Without actual division, show that each of the following rational numbers is a terminating decimal.

(i) $\frac{23}{2^{3} \times 5^{2}}=\frac{23 \times 5}{2^{3} \times 5^{3}}=\frac{115}{1000}=0.115$

We know either 2 or 5 is not a factor of 23, so it is in its simplest form.
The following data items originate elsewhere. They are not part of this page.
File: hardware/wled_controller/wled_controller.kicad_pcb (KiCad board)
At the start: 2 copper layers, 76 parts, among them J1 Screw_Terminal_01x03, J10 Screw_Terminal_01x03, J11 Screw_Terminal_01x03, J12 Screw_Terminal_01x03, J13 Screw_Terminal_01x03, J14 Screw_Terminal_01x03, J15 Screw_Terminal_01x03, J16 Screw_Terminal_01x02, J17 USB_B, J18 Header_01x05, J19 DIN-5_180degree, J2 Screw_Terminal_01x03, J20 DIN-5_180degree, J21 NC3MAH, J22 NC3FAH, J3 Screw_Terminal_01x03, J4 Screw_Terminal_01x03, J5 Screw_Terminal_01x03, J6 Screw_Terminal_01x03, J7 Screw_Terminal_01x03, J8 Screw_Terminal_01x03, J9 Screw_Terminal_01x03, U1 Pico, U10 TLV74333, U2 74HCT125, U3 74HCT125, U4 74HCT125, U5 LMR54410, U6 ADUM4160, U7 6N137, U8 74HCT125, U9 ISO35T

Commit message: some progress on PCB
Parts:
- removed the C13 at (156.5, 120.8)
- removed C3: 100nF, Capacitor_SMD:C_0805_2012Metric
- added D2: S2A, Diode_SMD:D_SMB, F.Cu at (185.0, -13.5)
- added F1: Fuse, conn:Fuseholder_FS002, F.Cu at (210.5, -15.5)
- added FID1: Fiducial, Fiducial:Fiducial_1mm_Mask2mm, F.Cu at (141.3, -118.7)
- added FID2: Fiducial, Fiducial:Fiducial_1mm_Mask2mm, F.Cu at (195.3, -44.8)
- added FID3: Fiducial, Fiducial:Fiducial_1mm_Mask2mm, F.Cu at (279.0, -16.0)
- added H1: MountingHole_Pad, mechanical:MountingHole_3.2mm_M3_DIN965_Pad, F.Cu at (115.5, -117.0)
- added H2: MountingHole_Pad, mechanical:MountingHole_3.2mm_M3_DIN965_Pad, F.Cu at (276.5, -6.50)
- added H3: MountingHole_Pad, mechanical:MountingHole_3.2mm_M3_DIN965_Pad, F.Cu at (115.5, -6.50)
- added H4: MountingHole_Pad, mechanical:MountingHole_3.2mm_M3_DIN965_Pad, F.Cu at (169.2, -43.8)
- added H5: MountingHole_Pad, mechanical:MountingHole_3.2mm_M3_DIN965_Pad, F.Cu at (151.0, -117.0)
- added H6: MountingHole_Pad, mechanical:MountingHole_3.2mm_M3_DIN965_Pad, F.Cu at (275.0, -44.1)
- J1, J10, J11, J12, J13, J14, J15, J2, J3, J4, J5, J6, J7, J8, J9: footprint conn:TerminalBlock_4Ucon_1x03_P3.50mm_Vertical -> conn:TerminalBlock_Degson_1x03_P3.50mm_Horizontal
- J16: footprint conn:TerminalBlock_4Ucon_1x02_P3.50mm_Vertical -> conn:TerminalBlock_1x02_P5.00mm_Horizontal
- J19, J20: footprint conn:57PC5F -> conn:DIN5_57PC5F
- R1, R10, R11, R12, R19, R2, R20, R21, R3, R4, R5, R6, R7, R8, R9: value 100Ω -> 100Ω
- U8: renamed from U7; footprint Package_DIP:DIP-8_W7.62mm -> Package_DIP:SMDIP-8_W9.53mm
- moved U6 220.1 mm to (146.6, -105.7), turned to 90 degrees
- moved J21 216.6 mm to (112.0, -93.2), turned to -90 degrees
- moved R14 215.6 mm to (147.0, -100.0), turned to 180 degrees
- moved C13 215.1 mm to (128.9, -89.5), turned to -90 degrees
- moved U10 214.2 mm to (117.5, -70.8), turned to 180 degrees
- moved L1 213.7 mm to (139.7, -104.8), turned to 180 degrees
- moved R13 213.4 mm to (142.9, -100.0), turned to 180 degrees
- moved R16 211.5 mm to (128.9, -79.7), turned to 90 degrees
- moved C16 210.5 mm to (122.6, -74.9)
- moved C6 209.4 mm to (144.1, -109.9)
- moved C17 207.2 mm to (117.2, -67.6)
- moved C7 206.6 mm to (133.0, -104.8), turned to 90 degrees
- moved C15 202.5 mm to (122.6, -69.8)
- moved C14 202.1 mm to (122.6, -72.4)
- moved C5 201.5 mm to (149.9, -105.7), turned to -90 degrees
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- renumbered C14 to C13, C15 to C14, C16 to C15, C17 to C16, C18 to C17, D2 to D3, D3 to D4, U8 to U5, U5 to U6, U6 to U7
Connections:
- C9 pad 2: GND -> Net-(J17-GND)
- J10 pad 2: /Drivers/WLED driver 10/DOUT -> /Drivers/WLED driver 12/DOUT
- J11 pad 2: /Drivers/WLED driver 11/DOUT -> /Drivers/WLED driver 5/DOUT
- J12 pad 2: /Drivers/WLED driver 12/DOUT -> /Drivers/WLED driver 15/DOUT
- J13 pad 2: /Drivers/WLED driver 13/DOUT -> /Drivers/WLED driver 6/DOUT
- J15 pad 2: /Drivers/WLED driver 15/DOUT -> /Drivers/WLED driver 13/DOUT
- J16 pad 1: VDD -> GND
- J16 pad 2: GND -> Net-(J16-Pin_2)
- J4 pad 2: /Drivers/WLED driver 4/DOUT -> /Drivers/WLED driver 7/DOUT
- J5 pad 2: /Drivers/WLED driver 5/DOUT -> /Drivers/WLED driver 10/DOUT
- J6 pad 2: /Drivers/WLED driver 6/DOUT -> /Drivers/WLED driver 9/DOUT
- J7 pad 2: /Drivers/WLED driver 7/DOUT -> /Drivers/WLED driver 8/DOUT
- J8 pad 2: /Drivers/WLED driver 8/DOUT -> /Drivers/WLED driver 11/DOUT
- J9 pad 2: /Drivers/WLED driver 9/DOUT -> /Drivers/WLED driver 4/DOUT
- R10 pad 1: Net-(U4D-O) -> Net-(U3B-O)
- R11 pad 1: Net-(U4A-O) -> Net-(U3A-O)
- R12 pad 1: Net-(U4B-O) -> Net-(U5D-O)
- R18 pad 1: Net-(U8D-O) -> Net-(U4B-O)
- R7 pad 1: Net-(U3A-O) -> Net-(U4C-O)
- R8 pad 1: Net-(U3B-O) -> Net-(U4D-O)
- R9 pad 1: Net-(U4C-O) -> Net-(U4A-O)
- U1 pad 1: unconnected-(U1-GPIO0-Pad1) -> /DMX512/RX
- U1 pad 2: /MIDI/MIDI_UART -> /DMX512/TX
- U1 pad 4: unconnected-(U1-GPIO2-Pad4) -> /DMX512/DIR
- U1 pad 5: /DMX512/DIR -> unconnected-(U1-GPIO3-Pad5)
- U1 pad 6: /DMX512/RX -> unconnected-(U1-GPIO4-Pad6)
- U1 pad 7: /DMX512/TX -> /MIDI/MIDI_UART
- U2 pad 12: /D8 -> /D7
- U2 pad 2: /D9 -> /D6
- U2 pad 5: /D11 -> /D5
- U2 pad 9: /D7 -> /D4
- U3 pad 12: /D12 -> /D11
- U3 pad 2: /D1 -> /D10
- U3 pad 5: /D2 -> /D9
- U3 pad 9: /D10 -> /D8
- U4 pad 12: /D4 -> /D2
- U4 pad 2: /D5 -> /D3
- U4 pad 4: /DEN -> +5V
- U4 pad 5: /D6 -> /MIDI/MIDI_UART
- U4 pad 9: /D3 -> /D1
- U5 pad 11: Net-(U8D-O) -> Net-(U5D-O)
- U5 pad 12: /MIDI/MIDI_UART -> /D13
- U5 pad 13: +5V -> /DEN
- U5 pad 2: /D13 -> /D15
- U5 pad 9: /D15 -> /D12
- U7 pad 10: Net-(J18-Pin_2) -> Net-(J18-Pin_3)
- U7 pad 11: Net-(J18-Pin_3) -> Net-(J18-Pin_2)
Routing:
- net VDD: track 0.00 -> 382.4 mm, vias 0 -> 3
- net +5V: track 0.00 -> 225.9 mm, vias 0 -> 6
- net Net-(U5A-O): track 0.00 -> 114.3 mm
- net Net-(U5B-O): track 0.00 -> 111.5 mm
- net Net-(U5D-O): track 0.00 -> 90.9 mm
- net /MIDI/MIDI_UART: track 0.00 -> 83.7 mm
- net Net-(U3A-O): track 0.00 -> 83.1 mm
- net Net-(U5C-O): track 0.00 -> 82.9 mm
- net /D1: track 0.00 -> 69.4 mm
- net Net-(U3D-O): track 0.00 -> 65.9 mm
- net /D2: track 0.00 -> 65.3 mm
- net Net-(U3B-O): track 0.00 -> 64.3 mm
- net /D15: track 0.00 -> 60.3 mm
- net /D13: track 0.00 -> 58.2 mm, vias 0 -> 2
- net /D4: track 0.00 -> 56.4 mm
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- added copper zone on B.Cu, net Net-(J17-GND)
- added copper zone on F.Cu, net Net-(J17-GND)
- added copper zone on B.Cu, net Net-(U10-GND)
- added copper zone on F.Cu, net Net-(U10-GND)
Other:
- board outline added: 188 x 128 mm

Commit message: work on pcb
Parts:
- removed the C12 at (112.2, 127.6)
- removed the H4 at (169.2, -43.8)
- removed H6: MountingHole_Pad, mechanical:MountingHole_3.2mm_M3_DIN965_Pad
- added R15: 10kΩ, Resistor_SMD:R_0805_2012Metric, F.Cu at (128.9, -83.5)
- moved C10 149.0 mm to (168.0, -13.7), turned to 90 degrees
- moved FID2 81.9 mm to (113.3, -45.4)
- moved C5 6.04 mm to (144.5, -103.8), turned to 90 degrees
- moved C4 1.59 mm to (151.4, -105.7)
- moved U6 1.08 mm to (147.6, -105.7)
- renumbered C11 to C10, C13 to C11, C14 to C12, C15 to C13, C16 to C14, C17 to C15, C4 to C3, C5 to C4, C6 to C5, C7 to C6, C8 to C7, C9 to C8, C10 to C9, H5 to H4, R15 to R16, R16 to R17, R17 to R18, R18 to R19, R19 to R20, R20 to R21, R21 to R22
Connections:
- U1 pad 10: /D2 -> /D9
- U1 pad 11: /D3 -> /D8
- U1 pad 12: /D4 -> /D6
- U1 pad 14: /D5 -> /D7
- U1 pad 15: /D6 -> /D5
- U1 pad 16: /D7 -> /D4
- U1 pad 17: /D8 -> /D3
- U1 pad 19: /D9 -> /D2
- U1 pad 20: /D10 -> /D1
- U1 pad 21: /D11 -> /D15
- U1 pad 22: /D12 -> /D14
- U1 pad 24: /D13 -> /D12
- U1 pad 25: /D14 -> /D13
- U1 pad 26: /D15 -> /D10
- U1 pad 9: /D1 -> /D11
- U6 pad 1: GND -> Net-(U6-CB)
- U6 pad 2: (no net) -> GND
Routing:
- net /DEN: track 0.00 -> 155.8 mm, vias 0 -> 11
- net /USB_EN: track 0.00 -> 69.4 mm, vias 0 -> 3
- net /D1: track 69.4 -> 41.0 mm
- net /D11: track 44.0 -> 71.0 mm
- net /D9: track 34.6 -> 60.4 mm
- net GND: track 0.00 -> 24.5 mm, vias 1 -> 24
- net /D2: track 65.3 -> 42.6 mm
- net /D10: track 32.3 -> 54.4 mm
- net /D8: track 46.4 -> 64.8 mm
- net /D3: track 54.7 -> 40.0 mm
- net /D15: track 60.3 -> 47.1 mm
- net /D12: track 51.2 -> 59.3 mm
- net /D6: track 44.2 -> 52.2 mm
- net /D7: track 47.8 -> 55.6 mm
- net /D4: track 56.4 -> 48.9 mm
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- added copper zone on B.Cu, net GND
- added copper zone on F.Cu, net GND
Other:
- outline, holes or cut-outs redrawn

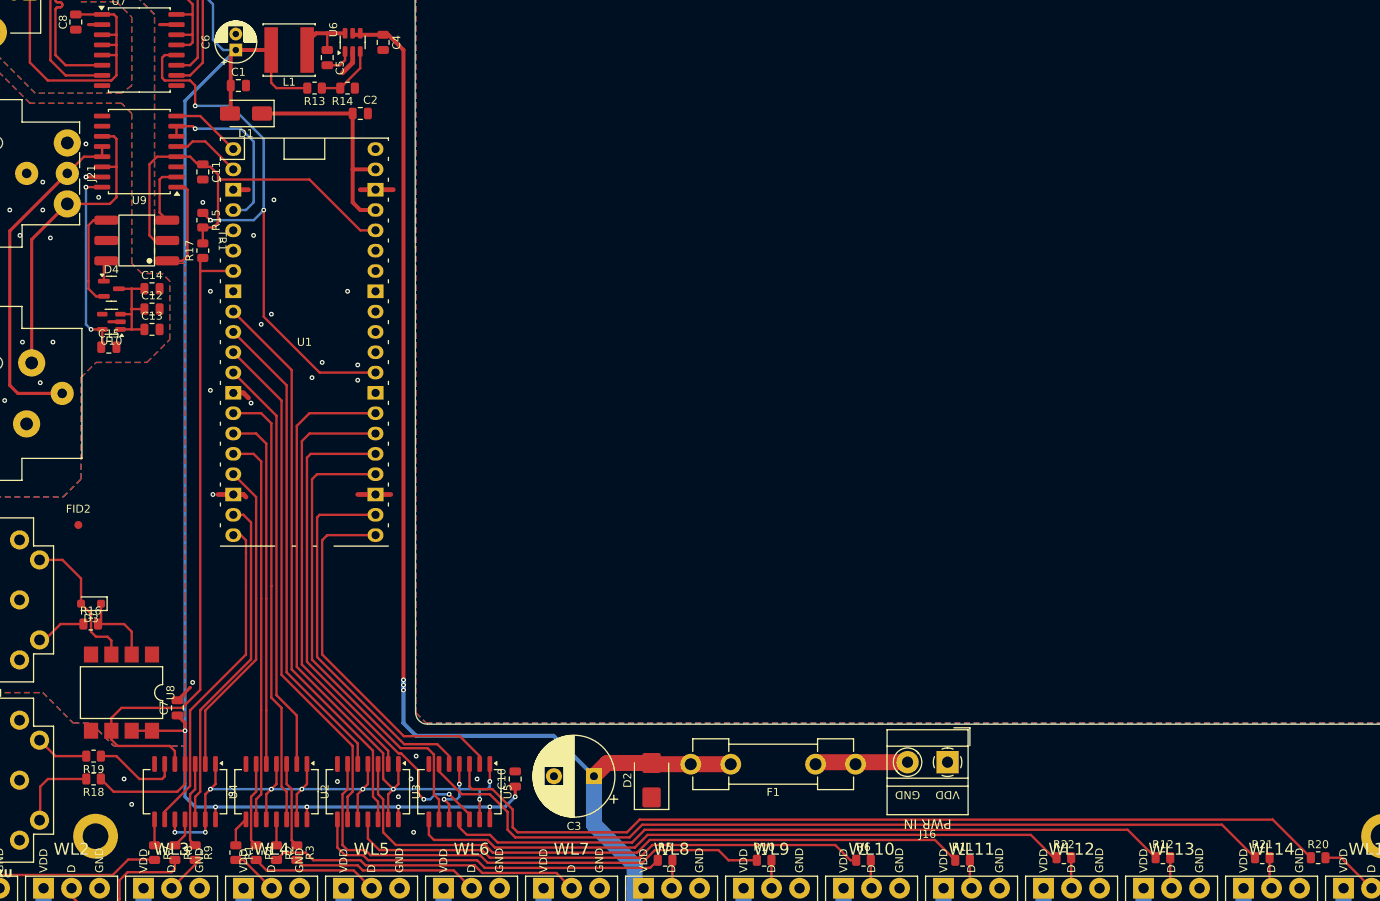
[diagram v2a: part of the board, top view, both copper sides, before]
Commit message: dmx512 line TVS
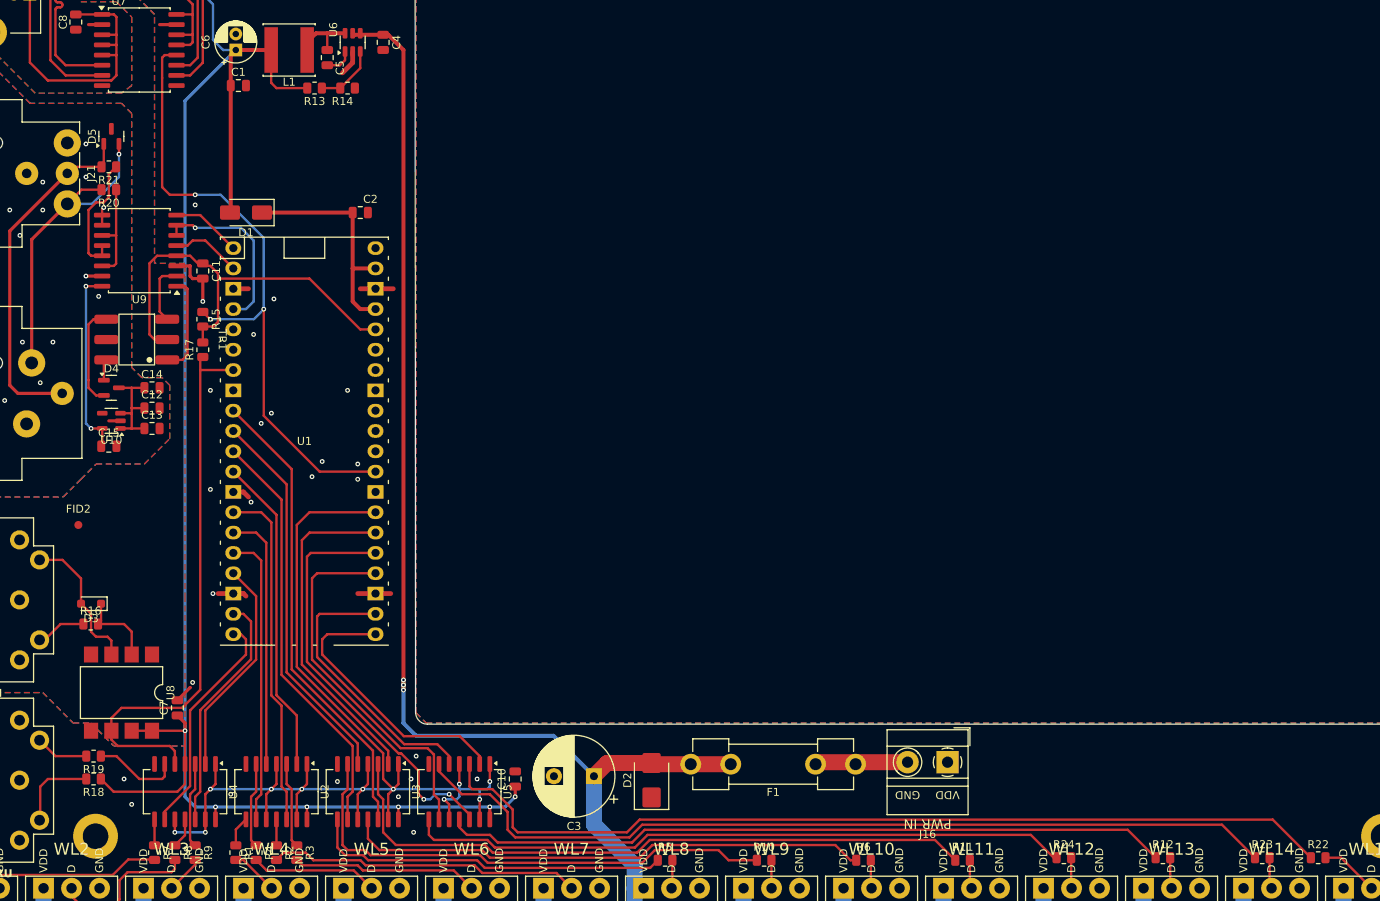
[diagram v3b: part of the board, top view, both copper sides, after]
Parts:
- added D5: SM712, Package_TO_SOT_SMD:SOT-23, F.Cu at (117.5, -94.0)
- added R20: 10Ω, Resistor_SMD:R_0805_2012Metric, F.Cu at (117.2, -87.3)
- added R21: 10Ω, Resistor_SMD:R_0805_2012Metric, F.Cu at (117.2, -90.2)
- moved C14 12.4 mm to (122.6, -62.5)
- moved C2 12.4 mm to (148.6, -84.5)
- moved D1 12.4 mm to (134.3, -84.5)
- moved D4 12.4 mm to (117.5, -62.5)
- moved TR1 12.4 mm to (124.5, -68.6)
- moved U9 12.4 mm to (121.0, -79.7)
- moved C12 12.4 mm to (122.6, -60.0)
- moved C15 12.4 mm to (117.2, -55.2)
- moved U1 12.4 mm to (141.6, -55.9)
- moved C11 12.4 mm to (128.9, -77.2)
- moved C13 12.4 mm to (122.6, -57.5)
- moved R15 12.4 mm to (128.9, -71.1)
- moved R17 12.4 mm to (128.9, -67.3)
- moved U10 12.4 mm to (117.5, -58.4)
- renumbered R20 to R22, R21 to R23, R22 to R24
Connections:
- J21 pad 2: Net-(U9-A) -> Net-(D5-K-Pad2)
- J21 pad 3: Net-(U9-B) -> Net-(D5-K-Pad1)
- J22 pad 2: Net-(U9-A) -> Net-(D5-K-Pad2)
- J22 pad 3: Net-(U9-B) -> Net-(D5-K-Pad1)
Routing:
- net Net-(D5-K-Pad1): track 0.00 -> 44.0 mm
- net Net-(D5-K-Pad2): track 0.00 -> 38.7 mm, vias 0 -> 1
- net Net-(U9-B): track 42.9 -> 15.9 mm
- net Net-(U9-A): track 39.2 -> 12.9 mm
- net +5V: track 230.8 -> 243.2 mm
- net /MIDI/MIDI_UART: track 83.7 -> 71.3 mm
- net /D8: track 64.8 -> 52.5 mm
- net /D15: track 47.1 -> 34.8 mm
- net /D10: track 54.4 -> 42.0 mm
- net /D9: track 60.4 -> 48.1 mm
- net /D7: track 55.6 -> 43.2 mm
- net /D6: track 52.2 -> 39.8 mm
- net /D4: track 48.9 -> 36.5 mm
- net /D14: track 47.5 -> 35.1 mm
- net /D13: track 65.3 -> 53.0 mm
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
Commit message: final pcb touches
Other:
- board text added: "Milena's lamp board v0.1"

Moreover, it is in the form of $\left(2^{m} \times 5^{n}\right)$.

Hence, the given rational is terminating.

(ii) $\frac{24}{125}=\frac{24}{5^{3}}=\frac{24 \times 2^{3}}{5^{3} \times 2^{3}}=\frac{192}{1000}=0.192$

 We know 5 is not a factor of 23, so it is in its simplest form.

Moreover, it is in the form of $\left(2^{m} \times 5^{n}\right)$.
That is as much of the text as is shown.